[Records excerpted from a collection]
__________

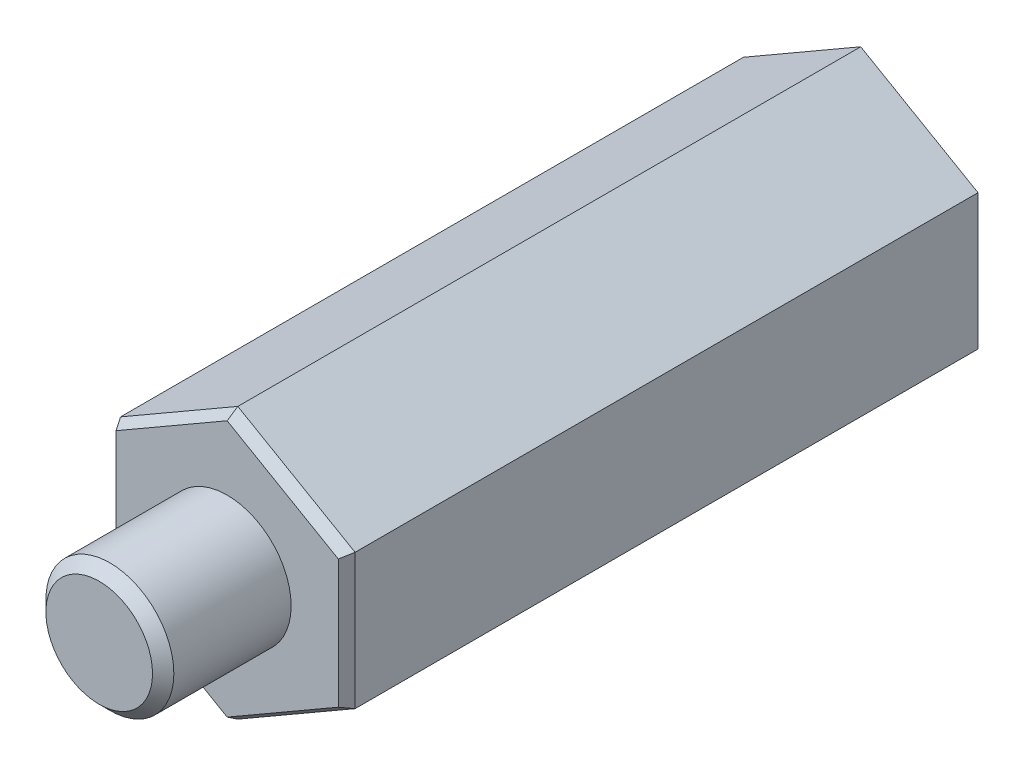
ISO-10303-21;
HEADER;
FILE_DESCRIPTION(('STEP AP214'),'2;1');
FILE_NAME('part.step','',(''),(''),'','','');
FILE_SCHEMA(('AUTOMOTIVE_DESIGN { 1 0 10303 214 1 1 1 1 }'));
ENDSEC;
DATA;
#1=APPLICATION_CONTEXT('core data for automotive mechanical design processes');
#2=APPLICATION_PROTOCOL_DEFINITION('international standard','automotive_design',2000,#1);
#3=PRODUCT_CONTEXT('',#1,'mechanical');
#4=PRODUCT('Part','Part','',(#3));
#5=PRODUCT_RELATED_PRODUCT_CATEGORY('part','',(#4));
#6=PRODUCT_DEFINITION_FORMATION('','',#4);
#7=PRODUCT_DEFINITION_CONTEXT('part definition',#1,'design');
#8=PRODUCT_DEFINITION('design','',#6,#7);
#9=PRODUCT_DEFINITION_SHAPE('','',#8);
#10=(LENGTH_UNIT() NAMED_UNIT(*) SI_UNIT(.MILLI.,.METRE.));
#11=(NAMED_UNIT(*) PLANE_ANGLE_UNIT() SI_UNIT($,.RADIAN.));
#12=(NAMED_UNIT(*) SI_UNIT($,.STERADIAN.) SOLID_ANGLE_UNIT());
#13=UNCERTAINTY_MEASURE_WITH_UNIT(LENGTH_MEASURE(1.E-05),#10,'distance_accuracy_value','');
#14=(GEOMETRIC_REPRESENTATION_CONTEXT(3) GLOBAL_UNCERTAINTY_ASSIGNED_CONTEXT((#13)) GLOBAL_UNIT_ASSIGNED_CONTEXT((#10,
#11,#12)) REPRESENTATION_CONTEXT('',''));
#15=CARTESIAN_POINT('',(0.,0.,0.));
#16=DIRECTION('',(0.,0.,1.));
#17=DIRECTION('',(1.,0.,0.));
#18=AXIS2_PLACEMENT_3D('',#15,#16,#17);
#19=CARTESIAN_POINT('',(0.,3.17542648054294,-15.));
#20=DIRECTION('',(-0.500000000000001,0.866025403784438,0.));
#21=DIRECTION('',(-0.866025403784438,-0.500000000000001,0.));
#22=AXIS2_PLACEMENT_3D('',#19,#20,#21);
#23=PLANE('',#22);
#24=DIRECTION('',(0.,0.,1.));
#25=VECTOR('',#24,1.);
#26=CARTESIAN_POINT('',(0.,3.17542648054294,-15.));
#27=LINE('',#26,#25);
#28=CARTESIAN_POINT('',(0.,3.17542648054294,-14.8556624327026));
#29=VERTEX_POINT('',#28);
#30=CARTESIAN_POINT('',(0.,3.17542648054294,-0.25));
#31=VERTEX_POINT('',#30);
#32=EDGE_CURVE('E185',#29,#31,#27,.T.);
#33=ORIENTED_EDGE('',*,*,#32,.F.);
#34=DIRECTION('',(-0.866025403784438,-0.500000000000001,0.));
#35=VECTOR('',#34,1.);
#36=CARTESIAN_POINT('',(-2.75,1.58771324027147,-14.8556624327026));
#37=LINE('',#36,#35);
#38=CARTESIAN_POINT('',(-2.75,1.58771324027147,-14.8556624327026));
#39=VERTEX_POINT('',#38);
#40=EDGE_CURVE('E214',#29,#39,#37,.T.);
#41=ORIENTED_EDGE('',*,*,#40,.T.);
#42=DIRECTION('',(0.,0.,1.));
#43=VECTOR('',#42,1.);
#44=CARTESIAN_POINT('',(-2.75,1.58771324027147,-15.));
#45=LINE('',#44,#43);
#46=CARTESIAN_POINT('',(-2.75,1.58771324027147,-0.25));
#47=VERTEX_POINT('',#46);
#48=EDGE_CURVE('E170',#39,#47,#45,.T.);
#49=ORIENTED_EDGE('',*,*,#48,.T.);
#50=DIRECTION('',(0.866025403784438,0.500000000000001,0.));
#51=VECTOR('',#50,1.);
#52=CARTESIAN_POINT('',(0.,3.17542648054294,-0.25));
#53=LINE('',#52,#51);
#54=EDGE_CURVE('E211',#47,#31,#53,.T.);
#55=ORIENTED_EDGE('',*,*,#54,.T.);
#56=EDGE_LOOP('',(#33,#41,#49,#55));
#57=FACE_BOUND('',#56,.T.);
#58=ADVANCED_FACE('F46',(#57),#23,.T.);
#59=CARTESIAN_POINT('',(2.75,1.58771324027147,-15.));
#60=DIRECTION('',(0.5,0.866025403784439,0.));
#61=DIRECTION('',(-0.866025403784439,0.5,0.));
#62=AXIS2_PLACEMENT_3D('',#59,#60,#61);
#63=PLANE('',#62);
#64=DIRECTION('',(0.,0.,1.));
#65=VECTOR('',#64,1.);
#66=CARTESIAN_POINT('',(2.75,1.58771324027147,-15.));
#67=LINE('',#66,#65);
#68=CARTESIAN_POINT('',(2.75,1.58771324027147,-14.8556624327026));
#69=VERTEX_POINT('',#68);
#70=CARTESIAN_POINT('',(2.75,1.58771324027147,-0.25));
#71=VERTEX_POINT('',#70);
#72=EDGE_CURVE('E190',#69,#71,#67,.T.);
#73=ORIENTED_EDGE('',*,*,#72,.F.);
#74=DIRECTION('',(-0.866025403784439,0.5,0.));
#75=VECTOR('',#74,1.);
#76=CARTESIAN_POINT('',(0.,3.17542648054294,-14.8556624327026));
#77=LINE('',#76,#75);
#78=EDGE_CURVE('E238',#69,#29,#77,.T.);
#79=ORIENTED_EDGE('',*,*,#78,.T.);
#80=ORIENTED_EDGE('',*,*,#32,.T.);
#81=DIRECTION('',(0.866025403784439,-0.5,0.));
#82=VECTOR('',#81,1.);
#83=CARTESIAN_POINT('',(2.75,1.58771324027147,-0.25));
#84=LINE('',#83,#82);
#85=EDGE_CURVE('E236',#31,#71,#84,.T.);
#86=ORIENTED_EDGE('',*,*,#85,.T.);
#87=EDGE_LOOP('',(#73,#79,#80,#86));
#88=FACE_BOUND('',#87,.T.);
#89=ADVANCED_FACE('F401',(#88),#63,.T.);
#90=CARTESIAN_POINT('',(2.75,-1.58771324027147,-15.));
#91=DIRECTION('',(1.,0.,0.));
#92=DIRECTION('',(0.,1.,0.));
#93=AXIS2_PLACEMENT_3D('',#90,#91,#92);
#94=PLANE('',#93);
#95=DIRECTION('',(0.,0.,1.));
#96=VECTOR('',#95,1.);
#97=CARTESIAN_POINT('',(2.75,-1.58771324027147,-15.));
#98=LINE('',#97,#96);
#99=CARTESIAN_POINT('',(2.75,-1.58771324027147,-14.8556624327026));
#100=VERTEX_POINT('',#99);
#101=CARTESIAN_POINT('',(2.75,-1.58771324027147,-0.25));
#102=VERTEX_POINT('',#101);
#103=EDGE_CURVE('E193',#100,#102,#98,.T.);
#104=ORIENTED_EDGE('',*,*,#103,.F.);
#105=DIRECTION('',(0.,1.,0.));
#106=VECTOR('',#105,1.);
#107=CARTESIAN_POINT('',(2.75,1.58771324027147,-14.8556624327026));
#108=LINE('',#107,#106);
#109=EDGE_CURVE('E245',#100,#69,#108,.T.);
#110=ORIENTED_EDGE('',*,*,#109,.T.);
#111=ORIENTED_EDGE('',*,*,#72,.T.);
#112=DIRECTION('',(0.,-1.,0.));
#113=VECTOR('',#112,1.);
#114=CARTESIAN_POINT('',(2.75,-1.58771324027147,-0.25));
#115=LINE('',#114,#113);
#116=EDGE_CURVE('E241',#71,#102,#115,.T.);
#117=ORIENTED_EDGE('',*,*,#116,.T.);
#118=EDGE_LOOP('',(#104,#110,#111,#117));
#119=FACE_BOUND('',#118,.T.);
#120=ADVANCED_FACE('F365',(#119),#94,.T.);
#121=CARTESIAN_POINT('',(0.,-3.17542648054294,-15.));
#122=DIRECTION('',(0.5,-0.866025403784438,0.));
#123=DIRECTION('',(0.866025403784438,0.5,0.));
#124=AXIS2_PLACEMENT_3D('',#121,#122,#123);
#125=PLANE('',#124);
#126=DIRECTION('',(0.,0.,1.));
#127=VECTOR('',#126,1.);
#128=CARTESIAN_POINT('',(0.,-3.17542648054294,-15.));
#129=LINE('',#128,#127);
#130=CARTESIAN_POINT('',(0.,-3.17542648054294,-14.8556624327026));
#131=VERTEX_POINT('',#130);
#132=CARTESIAN_POINT('',(0.,-3.17542648054294,-0.25));
#133=VERTEX_POINT('',#132);
#134=EDGE_CURVE('E197',#131,#133,#129,.T.);
#135=ORIENTED_EDGE('',*,*,#134,.F.);
#136=DIRECTION('',(0.866025403784438,0.5,0.));
#137=VECTOR('',#136,1.);
#138=CARTESIAN_POINT('',(2.75,-1.58771324027147,-14.8556624327026));
#139=LINE('',#138,#137);
#140=EDGE_CURVE('E251',#131,#100,#139,.T.);
#141=ORIENTED_EDGE('',*,*,#140,.T.);
#142=ORIENTED_EDGE('',*,*,#103,.T.);
#143=DIRECTION('',(-0.866025403784438,-0.5,0.));
#144=VECTOR('',#143,1.);
#145=CARTESIAN_POINT('',(0.,-3.17542648054294,-0.25));
#146=LINE('',#145,#144);
#147=EDGE_CURVE('E248',#102,#133,#146,.T.);
#148=ORIENTED_EDGE('',*,*,#147,.T.);
#149=EDGE_LOOP('',(#135,#141,#142,#148));
#150=FACE_BOUND('',#149,.T.);
#151=ADVANCED_FACE('F363',(#150),#125,.T.);
#152=CARTESIAN_POINT('',(-2.75,-1.58771324027147,-15.));
#153=DIRECTION('',(-0.5,-0.866025403784439,0.));
#154=DIRECTION('',(0.866025403784439,-0.5,0.));
#155=AXIS2_PLACEMENT_3D('',#152,#153,#154);
#156=PLANE('',#155);
#157=DIRECTION('',(0.,0.,1.));
#158=VECTOR('',#157,1.);
#159=CARTESIAN_POINT('',(-2.75,-1.58771324027147,-15.));
#160=LINE('',#159,#158);
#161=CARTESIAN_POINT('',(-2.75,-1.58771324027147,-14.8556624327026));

__________

Which lines in the records above contain the string "mechanical"? Copy each one.

#1=APPLICATION_CONTEXT('core data for automotive mechanical design processes');
#3=PRODUCT_CONTEXT('',#1,'mechanical');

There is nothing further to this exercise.